Dmitri Iosifovich Ivanovsky (alternative spelling Dmitrii or Dmitry Iwanowski; ; 28 October 1864 – 20 June 1920) was a Russian botanist, the co-discoverer of :viruses (1892) and one of the founders of virology.

Life
Ivanovsky was born in the village of Nizy, Gdov Uyezd. He studied at the University of Saint Petersburg under Andrei Famintsyn in 1887, when he was sent to Ukraine and Bessarabia to investigate a tobacco disease causing great damage to plantations located there at the time.

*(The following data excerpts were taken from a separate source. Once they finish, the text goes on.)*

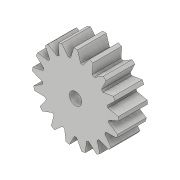
# Autodesk Inventor part: g
Saved by Autodesk Inventor 2019 (Build 230136000, 136)
## iProperties
Created: 2023-07-28
Part Number: g
Material: Generic
Document SubType Name: Modeling
Designer: ahmed
Density: 1 g/cm^3
Appearance: Default
Author: ahmed
## iProperties of the stored document g - Copy - Copy_3DPrint.ipt
Created: 2023-08-01
Part Number: g - Copy - Copy_3DPrint
Material: Generic
Document SubType Name: Modeling
Designer: ahmed
Density: 1 g/cm^3
Appearance: Default
Author: ahmed
Autodesk Inventor part; units mm, degrees
ref_plane "YZ Plane" through (0, 0, 0) normal (1, 0, 0) x (0, 1, 0)
ref_plane "XZ Plane" through (0, 0, 0) normal (0, 1, 0) x (-1, 0, 0)
ref_plane "XY Plane" through (0, 0, 0) normal (0, 0, 1) x (1, 0, 0)
sketch "Sketch4" plane through (0, 0, 0) normal (0, 0, 1) x (1, 0, 0)
  circle A0 centre (0, 0) radius 2.15
  arc A1 (0.6406, 14.9863) -> (-0.6406, 14.9863) centre (0, 0) ccw
  line L0 (-0.6406, 14.9863) -> (-1.724, 11.4276)
  line L1 (0.6406, 14.9863) -> (1.7667, 11.4408)
  arc A2 (-4.8163, 14.2057) -> (-6.0111, 13.7429) centre (0, 0) ccw
  line L2 (-6.0111, 13.7429) -> (-5.7357, 10.0331)
  line L3 (-4.8163, 14.2057) -> (-2.4855, 11.3065)
  arc A3 (-9.6228, 11.5066) -> (-10.5697, 10.6434) centre (0, 0) ccw
  line L4 (-10.5697, 10.6434) -> (-8.9728, 7.2836)
  line L5 (-9.6228, 11.5066) -> (-6.402, 9.6451)
  arc A4 (-13.1296, 7.2535) -> (-13.7008, 6.1065) centre (0, 0) ccw
  line L6 (-13.7008, 6.1065) -> (-10.998, 3.5504)
  line L7 (-13.1296, 7.2535) -> (-9.4539, 6.6811)
  arc A5 (-14.8633, 2.0207) -> (-14.9815, 0.7449) centre (0, 0) ccw
  line L8 (-14.9815, 0.7449) -> (-11.5379, -0.6623)
  line L9 (-14.8633, 2.0207) -> (-11.229, 2.8148)
  arc A6 (-14.5895, -3.485) -> (-14.2389, -4.7174) centre (0, 0) ccw
  line L10 (-14.2389, -4.7174) -> (-10.5195, -4.7855)
  line L11 (-14.5895, -3.485) -> (-11.4876, -1.4317)
  arc A7 (-12.3454, -8.52) -> (-11.5733, -9.5425) centre (0, 0) ccw
  line L12 (-11.5733, -9.5425) -> (-8.0804, -8.2624)
  line L13 (-12.3454, -8.52) -> (-10.1946, -5.4848)
  arc A8 (-8.434, -12.4044) -> (-7.3446, -13.0789) centre (0, 0) ccw
  line L14 (-7.3446, -13.0789) -> (-4.55, -10.6235)
  line L15 (-8.434, -12.4044) -> (-7.5249, -8.7972)
  arc A9 (-3.3835, -14.6134) -> (-2.124, -14.8489) centre (0, 0) ccw
  line L16 (-2.124, -14.8489) -> (-0.4051, -11.5498)
  line L17 (-3.3835, -14.6134) -> (-3.8388, -10.9214)
  arc A10 (2.124, -14.8489) -> (3.3835, -14.6134) centre (0, 0) ccw
  line L18 (3.3835, -14.6134) -> (3.7945, -10.9162)
  line L19 (2.124, -14.8489) -> (0.3656, -11.5707)
  arc A11 (7.3446, -13.0789) -> (8.434, -12.4044) centre (0, 0) ccw
  line L20 (8.434, -12.4044) -> (7.4816, -8.8083)
  line L21 (7.3446, -13.0789) -> (4.5208, -10.6572)
  arc A12 (11.5733, -9.5425) -> (12.3454, -8.52) centre (0, 0) ccw
  line L22 (12.3454, -8.52) -> (10.1583, -5.5109)
  line L23 (11.5733, -9.5425) -> (8.0653, -8.3045)
  arc A13 (14.2389, -4.7174) -> (14.5895, -3.485) centre (0, 0) ccw
  line L24 (14.5895, -3.485) -> (11.4631, -1.4691)
  line L25 (14.2389, -4.7174) -> (10.5206, -4.8302)
  arc A14 (14.9815, 0.7449) -> (14.8633, 2.0207) centre (0, 0) ccw
  line L26 (14.8633, 2.0207) -> (11.2197, 2.7711)
  line L27 (14.9815, 0.7449) -> (11.555, -0.7035)
  arc A15 (13.7008, 6.1065) -> (13.1296, 7.2535) centre (0, 0) ccw
  line L28 (13.1296, 7.2535) -> (9.4611, 6.637)
  line L29 (13.7008, 6.1065) -> (11.0289, 3.5182)
  arc A16 (10.5697, 10.6434) -> (9.6228, 11.5066) centre (0, 0) ccw
  line L30 (9.6228, 11.5066) -> (6.4246, 9.6065)
  line L31 (10.5697, 10.6434) -> (9.0132, 7.2647)
  arc A17 (6.0111, 13.7429) -> (4.8163, 14.2057) centre (0, 0) ccw
  line L32 (4.8163, 14.2057) -> (2.5205, 11.2787)
  line L33 (6.0111, 13.7429) -> (5.7803, 10.0301)
  arc A18 (-1.7177, 11.4483) -> (-2.4855, 11.3065) centre (0, 0) ccw
  arc A19 (2.5339, 11.2957) -> (1.7667, 11.4408) centre (0, 0) ccw
  arc A20 (6.4433, 9.6176) -> (5.7803, 10.0301) centre (0, 0) ccw
  arc A21 (9.4824, 6.6406) -> (9.0132, 7.2647) centre (0, 0) ccw
  arc A22 (11.241, 2.7667) -> (11.0289, 3.5182) centre (0, 0) ccw
  arc A23 (11.4813, -1.4808) -> (11.555, -0.7035) centre (0, 0) ccw
  arc A24 (10.1711, -5.5284) -> (10.5206, -4.8302) centre (0, 0) ccw
  arc A25 (7.4872, -8.8293) -> (8.0653, -8.3045) centre (0, 0) ccw
  arc A26 (3.7921, -10.9377) -> (4.5208, -10.6572) centre (0, 0) ccw
  arc A27 (-0.4152, -11.569) -> (0.3656, -11.5707) centre (0, 0) ccw
  arc A28 (-4.5663, -10.6378) -> (-3.8388, -10.9214) centre (0, 0) ccw
  arc A29 (-8.1008, -8.2699) -> (-7.5249, -8.7972) centre (0, 0) ccw
  arc A30 (-10.5412, -4.7851) -> (-10.1946, -5.4848) centre (0, 0) ccw
  arc A31 (-11.5579, -0.6541) -> (-11.4876, -1.4317) centre (0, 0) ccw
  arc A32 (-11.0137, 3.5653) -> (-11.229, 2.8148) centre (0, 0) ccw
  arc A33 (-5.7373, 10.0547) -> (-6.402, 9.6451) centre (0, 0) ccw
  arc A34 (-8.9821, 7.3032) -> (-9.4539, 6.6811) centre (0, 0) ccw
  point P0 (1.7935, 11.3568)
  point P1 (-1.7943, 11.1967)
  point P2 (-2.4302, 11.2378)
  point P3 (-5.7178, 9.7924)
  point P4 (-6.3257, 9.601)
  point P5 (-8.8692, 7.0656)
  point P6 (-9.3668, 6.6676)
  point P7 (-10.8227, 3.3846)
  point P8 (-11.1429, 2.8337)
  point P9 (-11.3145, -0.7535)
  point P10 (-11.4141, -1.3829)
  point P11 (-10.2782, -4.7899)
  point P12 (-10.1437, -5.4128)
  point P13 (-7.8538, -8.1794)
  point P14 (-7.5034, -8.7116)
  point P15 (-4.3687, -10.4642)
  point P16 (-3.8497, -10.8339)
  point P17 (-0.2936, -11.3357)
  point P18 (0.3239, -11.493)
  point P19 (3.8211, -10.6763)
  point P20 (4.4538, -10.5999)
  point P21 (7.4198, -8.575)
  point P22 (7.9821, -8.2752)
  point P23 (10.0165, -5.3156)
  point P24 (10.4325, -4.8329)
  point P25 (11.2603, -1.3383)
  point P26 (11.4738, -0.7379)
  point P27 (10.9834, 2.8197)
  point P28 (10.9656, 3.4567)
  point P29 (9.2231, 6.597)
  point P30 (8.9764, 7.1845)
  point P31 (6.2172, 9.4833)
  point P32 (5.7749, 9.942)
  point P33 (2.3716, 11.0888)
  dimension "d25" = 4.3
  dimension "d26" = 30
  dimension "d30" = 3.72
  dimension "d31" = 3.72
  dimension "d34" = 360
  constraints: 68 end point, 68 point on circle, 35 centre point, 17 point on line, 3 coincident, 171 other
  measures "d25" diameter of A0
  measures "d26" diameter of A1
  measures "d30" distance of L0.start L0.end
  measures "d31" distance of L1.start L1.end
extrude "Extrusion3" add sketch "Sketch4" along normal blind 10
body "Solid3"

Three years later, he was assigned to look into a similar disease occurrence of tobacco plants, this time raging in the Crimea region. He discovered that both incidents of disease were caused by an extremely minuscule infectious agent, capable of permeating porcelain Chamberland filters, something which bacteria could never do. He described his findings in an article (1892) and a dissertation (1902). Then he worked at the Imperial University of Warsaw and at Donskoy University in Rostov on Don.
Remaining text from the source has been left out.